Generally speaking, the request-response pattern can also be transformed into a purely event-driven system where each request is a separate event (this is a good design direction to explore). However, in practice, request-based systems are usually stateless and have different requirements for scalability, latency, throughput, data availability and fault tolerance, resulting in a different infrastructure stack requirements compared to what a streaming engine offers.
As a result, in the context of real-time data processing and feature generation, most ML-based systems require a layer that would be able to process incoming requests with minimized latency, perform arbitrary computation logic, and serve results as soon as possible so it can be used in other parts of the system (e.g. model serving) or directly by the user — this is what we call the On-Demand Compute layer.
Examples
Some examples of real-time ML systems that require on-demand request-time computations and cannot rely only on a streaming engine alone may include:
A search personalization system which relies on a user’s GPS coordinates: the data is available only at request-time and should be handled immediately for relevant results.
A recommender system, where responses rely on an expensive computation (e.g., embedding dot product, GPU-based operations, etc.) and/or communication with 3rd party services (e.g., querying another model) — handling this in a streaming engine would create a bottleneck and would require a very careful design.
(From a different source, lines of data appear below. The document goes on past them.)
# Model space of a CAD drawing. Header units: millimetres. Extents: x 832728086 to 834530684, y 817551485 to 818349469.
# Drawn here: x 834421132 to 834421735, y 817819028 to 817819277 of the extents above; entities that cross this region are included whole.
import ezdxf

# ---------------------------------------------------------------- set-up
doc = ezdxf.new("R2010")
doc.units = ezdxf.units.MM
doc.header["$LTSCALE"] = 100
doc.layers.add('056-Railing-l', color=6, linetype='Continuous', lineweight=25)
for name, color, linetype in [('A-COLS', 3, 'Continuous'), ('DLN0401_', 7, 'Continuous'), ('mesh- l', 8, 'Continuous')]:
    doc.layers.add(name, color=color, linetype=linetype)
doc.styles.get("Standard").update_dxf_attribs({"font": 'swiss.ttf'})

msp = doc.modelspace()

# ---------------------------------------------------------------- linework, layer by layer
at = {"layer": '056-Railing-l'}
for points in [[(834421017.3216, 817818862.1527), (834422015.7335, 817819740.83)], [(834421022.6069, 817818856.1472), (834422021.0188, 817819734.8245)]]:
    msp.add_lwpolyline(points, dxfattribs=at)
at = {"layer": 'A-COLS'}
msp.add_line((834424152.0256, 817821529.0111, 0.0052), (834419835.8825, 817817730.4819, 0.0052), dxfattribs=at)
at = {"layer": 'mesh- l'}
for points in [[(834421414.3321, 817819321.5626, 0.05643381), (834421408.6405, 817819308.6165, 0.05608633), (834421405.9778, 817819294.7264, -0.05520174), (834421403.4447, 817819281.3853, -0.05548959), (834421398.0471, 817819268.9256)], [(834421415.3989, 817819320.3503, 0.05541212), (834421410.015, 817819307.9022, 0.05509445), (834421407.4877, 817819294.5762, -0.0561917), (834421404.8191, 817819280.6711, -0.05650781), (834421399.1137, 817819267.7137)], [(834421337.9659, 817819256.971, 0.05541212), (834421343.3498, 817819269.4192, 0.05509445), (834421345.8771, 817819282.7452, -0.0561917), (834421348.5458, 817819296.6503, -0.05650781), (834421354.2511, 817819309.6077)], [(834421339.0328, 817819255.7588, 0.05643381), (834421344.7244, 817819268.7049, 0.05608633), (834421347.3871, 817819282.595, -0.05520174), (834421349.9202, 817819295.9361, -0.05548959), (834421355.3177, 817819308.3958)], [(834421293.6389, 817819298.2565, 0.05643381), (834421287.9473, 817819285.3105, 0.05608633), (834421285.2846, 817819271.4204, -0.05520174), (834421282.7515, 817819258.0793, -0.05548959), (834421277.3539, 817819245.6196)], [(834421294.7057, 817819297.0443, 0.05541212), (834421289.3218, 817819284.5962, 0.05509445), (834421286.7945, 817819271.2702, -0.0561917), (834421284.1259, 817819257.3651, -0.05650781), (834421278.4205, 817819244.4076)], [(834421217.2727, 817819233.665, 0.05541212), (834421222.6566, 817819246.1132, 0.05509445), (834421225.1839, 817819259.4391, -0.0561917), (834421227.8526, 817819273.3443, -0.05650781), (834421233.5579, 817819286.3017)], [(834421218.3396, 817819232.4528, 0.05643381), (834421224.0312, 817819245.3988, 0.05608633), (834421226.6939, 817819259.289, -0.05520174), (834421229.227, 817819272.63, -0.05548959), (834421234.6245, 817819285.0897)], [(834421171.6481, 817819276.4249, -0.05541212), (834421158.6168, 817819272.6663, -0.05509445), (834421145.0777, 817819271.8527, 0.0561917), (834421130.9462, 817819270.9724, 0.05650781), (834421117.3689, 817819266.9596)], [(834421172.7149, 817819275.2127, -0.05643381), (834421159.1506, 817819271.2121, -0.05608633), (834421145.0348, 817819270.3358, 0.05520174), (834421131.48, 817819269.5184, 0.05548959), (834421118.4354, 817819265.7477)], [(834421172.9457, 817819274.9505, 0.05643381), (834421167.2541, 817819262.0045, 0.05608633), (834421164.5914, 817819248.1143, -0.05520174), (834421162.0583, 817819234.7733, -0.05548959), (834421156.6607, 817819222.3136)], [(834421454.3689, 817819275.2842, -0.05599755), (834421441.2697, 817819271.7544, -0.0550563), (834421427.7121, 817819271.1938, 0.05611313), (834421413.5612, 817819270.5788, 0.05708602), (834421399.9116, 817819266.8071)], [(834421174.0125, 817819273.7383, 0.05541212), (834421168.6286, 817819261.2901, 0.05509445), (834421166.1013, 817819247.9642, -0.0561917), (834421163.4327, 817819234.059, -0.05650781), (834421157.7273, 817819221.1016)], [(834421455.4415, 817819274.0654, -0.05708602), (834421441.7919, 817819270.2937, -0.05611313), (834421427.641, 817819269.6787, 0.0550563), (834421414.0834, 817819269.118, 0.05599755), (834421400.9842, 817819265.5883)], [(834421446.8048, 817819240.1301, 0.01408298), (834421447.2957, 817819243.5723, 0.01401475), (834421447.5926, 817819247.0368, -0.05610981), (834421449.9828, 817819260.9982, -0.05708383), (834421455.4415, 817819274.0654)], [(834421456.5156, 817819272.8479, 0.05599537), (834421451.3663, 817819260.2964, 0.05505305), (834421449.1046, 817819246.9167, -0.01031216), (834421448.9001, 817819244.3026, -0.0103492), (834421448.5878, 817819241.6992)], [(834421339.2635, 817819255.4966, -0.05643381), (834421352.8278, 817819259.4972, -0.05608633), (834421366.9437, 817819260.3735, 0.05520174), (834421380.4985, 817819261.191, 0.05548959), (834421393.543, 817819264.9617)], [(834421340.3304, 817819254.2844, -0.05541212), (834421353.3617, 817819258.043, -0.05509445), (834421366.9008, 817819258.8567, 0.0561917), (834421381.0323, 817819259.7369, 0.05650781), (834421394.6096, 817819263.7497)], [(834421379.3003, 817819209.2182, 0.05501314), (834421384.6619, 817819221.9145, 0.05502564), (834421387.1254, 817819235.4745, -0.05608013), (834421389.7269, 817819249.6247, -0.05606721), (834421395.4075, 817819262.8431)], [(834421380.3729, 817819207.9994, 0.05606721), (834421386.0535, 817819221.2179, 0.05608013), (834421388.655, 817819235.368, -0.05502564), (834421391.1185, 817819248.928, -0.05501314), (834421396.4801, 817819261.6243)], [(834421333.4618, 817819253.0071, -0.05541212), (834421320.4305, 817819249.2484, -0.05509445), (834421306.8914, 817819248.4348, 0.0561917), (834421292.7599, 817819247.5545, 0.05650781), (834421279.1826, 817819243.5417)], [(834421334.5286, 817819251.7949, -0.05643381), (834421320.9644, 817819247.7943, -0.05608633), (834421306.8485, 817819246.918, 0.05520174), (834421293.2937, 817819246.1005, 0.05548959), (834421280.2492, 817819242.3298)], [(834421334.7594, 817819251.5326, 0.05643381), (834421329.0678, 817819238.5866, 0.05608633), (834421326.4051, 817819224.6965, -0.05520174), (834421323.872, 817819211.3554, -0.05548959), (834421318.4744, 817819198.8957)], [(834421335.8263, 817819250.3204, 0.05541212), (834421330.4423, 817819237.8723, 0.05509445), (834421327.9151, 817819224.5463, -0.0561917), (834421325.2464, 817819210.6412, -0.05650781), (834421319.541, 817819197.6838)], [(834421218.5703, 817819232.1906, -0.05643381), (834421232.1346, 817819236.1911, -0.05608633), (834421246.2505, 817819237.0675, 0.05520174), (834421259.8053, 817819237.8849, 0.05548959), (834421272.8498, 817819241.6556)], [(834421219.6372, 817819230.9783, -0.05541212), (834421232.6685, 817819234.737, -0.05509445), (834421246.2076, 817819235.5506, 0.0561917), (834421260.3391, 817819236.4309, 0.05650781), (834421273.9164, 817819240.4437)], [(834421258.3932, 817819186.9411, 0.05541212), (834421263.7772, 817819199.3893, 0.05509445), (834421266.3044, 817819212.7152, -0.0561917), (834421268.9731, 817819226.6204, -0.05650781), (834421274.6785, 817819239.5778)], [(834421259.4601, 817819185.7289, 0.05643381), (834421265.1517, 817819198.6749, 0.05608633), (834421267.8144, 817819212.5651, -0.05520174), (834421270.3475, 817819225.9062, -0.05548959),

This is the part that many “AI/ML-ready” streaming engines miss: event-time processing alone is not sufficient to cover all real-time AI/ML needs. For that reason, Volga separates its architecture into the Push Part, where the Streaming Engine is the king, and also introduces the Pull Part, handled by the On-Demand Compute Layer, where request-time compute is done.
Most modern ML feature/data platforms adopt a similar architecture (On-Demand features in Tecton, Feature Extractors in Fennel, Resolvers in Chalk).
Another good example is Pinterest’s Homefeed Recommender System’s Real-Time Feature Pipeline, which also has a separation between event-time compute, handled by a streaming engine (Flink), and request-time compute, handled by a custom service.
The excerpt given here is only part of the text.